Energy Reports (Dec 2023)
Multi-objective optimal dispatching of combined cooling, heating and power using hybrid gravitational search algorithm and random forest regression: Towards the microgrid orientation
Abstract
In order to eventually reach the net-zero carbon target, the low carbon transition demands substantial growth in the penetration of renewable generation in energy systems. It is essential to have enough flexible resources to prevent the curtailment of energy systems with high intermittent renewable output to run consistently. Therefore, this study focuses on the multi-objective optimal dispatching model of combined cooling, heating, and power (CCHP) microgrid with power-to-gas (P2G). The structure of the CCHP microgrid and the working principle of P2G are studied and analyzed.

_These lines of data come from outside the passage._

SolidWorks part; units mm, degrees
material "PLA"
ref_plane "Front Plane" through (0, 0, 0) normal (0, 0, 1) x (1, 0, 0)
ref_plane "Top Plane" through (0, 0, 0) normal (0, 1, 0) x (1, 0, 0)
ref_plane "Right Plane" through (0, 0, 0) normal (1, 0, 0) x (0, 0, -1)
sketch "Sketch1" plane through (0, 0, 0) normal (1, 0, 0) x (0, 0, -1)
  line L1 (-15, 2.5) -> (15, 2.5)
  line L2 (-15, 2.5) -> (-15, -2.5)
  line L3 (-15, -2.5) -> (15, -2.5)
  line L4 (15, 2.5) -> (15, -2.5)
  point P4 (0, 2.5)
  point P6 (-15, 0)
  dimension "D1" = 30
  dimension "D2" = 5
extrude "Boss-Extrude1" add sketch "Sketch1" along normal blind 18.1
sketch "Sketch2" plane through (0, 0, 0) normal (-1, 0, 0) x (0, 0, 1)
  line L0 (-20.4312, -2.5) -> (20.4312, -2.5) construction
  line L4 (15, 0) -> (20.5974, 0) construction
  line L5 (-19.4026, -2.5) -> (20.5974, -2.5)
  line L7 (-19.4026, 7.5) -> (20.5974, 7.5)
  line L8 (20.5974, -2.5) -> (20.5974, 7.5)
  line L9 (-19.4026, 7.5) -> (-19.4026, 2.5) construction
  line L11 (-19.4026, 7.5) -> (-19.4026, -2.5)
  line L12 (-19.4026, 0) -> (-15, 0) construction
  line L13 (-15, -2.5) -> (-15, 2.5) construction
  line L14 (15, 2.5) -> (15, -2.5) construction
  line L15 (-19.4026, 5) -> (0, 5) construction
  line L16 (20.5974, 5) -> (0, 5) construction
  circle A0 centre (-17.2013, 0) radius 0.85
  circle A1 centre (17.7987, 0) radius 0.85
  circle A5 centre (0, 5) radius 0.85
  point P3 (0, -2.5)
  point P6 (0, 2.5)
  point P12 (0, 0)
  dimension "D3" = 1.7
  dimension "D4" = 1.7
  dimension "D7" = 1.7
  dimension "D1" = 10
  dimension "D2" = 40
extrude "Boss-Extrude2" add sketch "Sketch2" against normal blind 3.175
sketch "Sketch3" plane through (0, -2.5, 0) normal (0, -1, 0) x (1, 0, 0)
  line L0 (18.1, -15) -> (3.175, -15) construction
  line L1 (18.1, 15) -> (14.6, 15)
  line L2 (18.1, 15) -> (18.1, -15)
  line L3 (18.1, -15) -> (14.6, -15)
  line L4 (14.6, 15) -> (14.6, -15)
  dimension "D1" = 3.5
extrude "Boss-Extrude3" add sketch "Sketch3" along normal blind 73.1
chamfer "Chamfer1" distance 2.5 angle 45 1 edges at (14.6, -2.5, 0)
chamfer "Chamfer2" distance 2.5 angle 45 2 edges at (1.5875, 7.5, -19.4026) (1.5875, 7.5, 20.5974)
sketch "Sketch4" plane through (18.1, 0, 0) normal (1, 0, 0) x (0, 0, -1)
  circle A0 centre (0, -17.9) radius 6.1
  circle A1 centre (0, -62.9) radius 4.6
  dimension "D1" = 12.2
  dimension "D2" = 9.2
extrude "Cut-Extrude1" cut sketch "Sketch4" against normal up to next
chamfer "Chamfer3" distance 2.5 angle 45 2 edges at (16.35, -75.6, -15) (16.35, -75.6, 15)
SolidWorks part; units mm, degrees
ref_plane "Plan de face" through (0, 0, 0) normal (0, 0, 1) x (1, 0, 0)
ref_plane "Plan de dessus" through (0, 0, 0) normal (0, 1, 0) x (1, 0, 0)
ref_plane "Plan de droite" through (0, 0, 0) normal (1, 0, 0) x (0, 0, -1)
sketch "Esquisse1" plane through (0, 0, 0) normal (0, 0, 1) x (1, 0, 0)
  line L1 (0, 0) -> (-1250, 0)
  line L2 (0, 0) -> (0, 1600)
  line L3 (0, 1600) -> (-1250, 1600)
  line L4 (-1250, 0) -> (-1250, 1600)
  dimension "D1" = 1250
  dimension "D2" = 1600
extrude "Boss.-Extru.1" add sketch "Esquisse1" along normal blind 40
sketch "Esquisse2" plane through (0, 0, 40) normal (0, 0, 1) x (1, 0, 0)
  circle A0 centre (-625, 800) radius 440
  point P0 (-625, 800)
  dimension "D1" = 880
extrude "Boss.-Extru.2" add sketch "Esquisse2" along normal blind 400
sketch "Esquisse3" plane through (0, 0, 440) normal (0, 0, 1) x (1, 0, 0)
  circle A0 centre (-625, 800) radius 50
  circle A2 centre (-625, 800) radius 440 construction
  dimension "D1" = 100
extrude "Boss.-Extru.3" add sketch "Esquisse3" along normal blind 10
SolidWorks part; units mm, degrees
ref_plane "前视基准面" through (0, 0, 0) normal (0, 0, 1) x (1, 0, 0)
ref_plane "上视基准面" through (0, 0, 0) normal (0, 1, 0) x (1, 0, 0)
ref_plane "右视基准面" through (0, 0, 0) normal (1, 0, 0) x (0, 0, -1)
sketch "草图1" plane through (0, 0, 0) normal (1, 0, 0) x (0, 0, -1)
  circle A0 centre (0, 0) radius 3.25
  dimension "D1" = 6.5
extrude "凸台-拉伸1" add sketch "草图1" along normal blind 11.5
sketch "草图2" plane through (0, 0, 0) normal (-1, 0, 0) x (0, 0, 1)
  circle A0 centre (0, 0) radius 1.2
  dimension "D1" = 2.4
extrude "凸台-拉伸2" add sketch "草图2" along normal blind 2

First, briefly described the multi-objective optimal dispatch model of the CCHP microgrid with P2G established with the goal of operational and environmental cost. Second, a hybrid gravitational search algorithm and random forest regression (GSA-RFR) are introduced to find out the optimal values. The proposed model verifies that P2G improves the wind abandonment capacity of the CCHP microgrid operation system. Furthermore, it reduces environmental costs and transforms environmental values into economic benefits during system operation. Noting that, the GSA-RFR improves the system economy by 7.13% comparatively.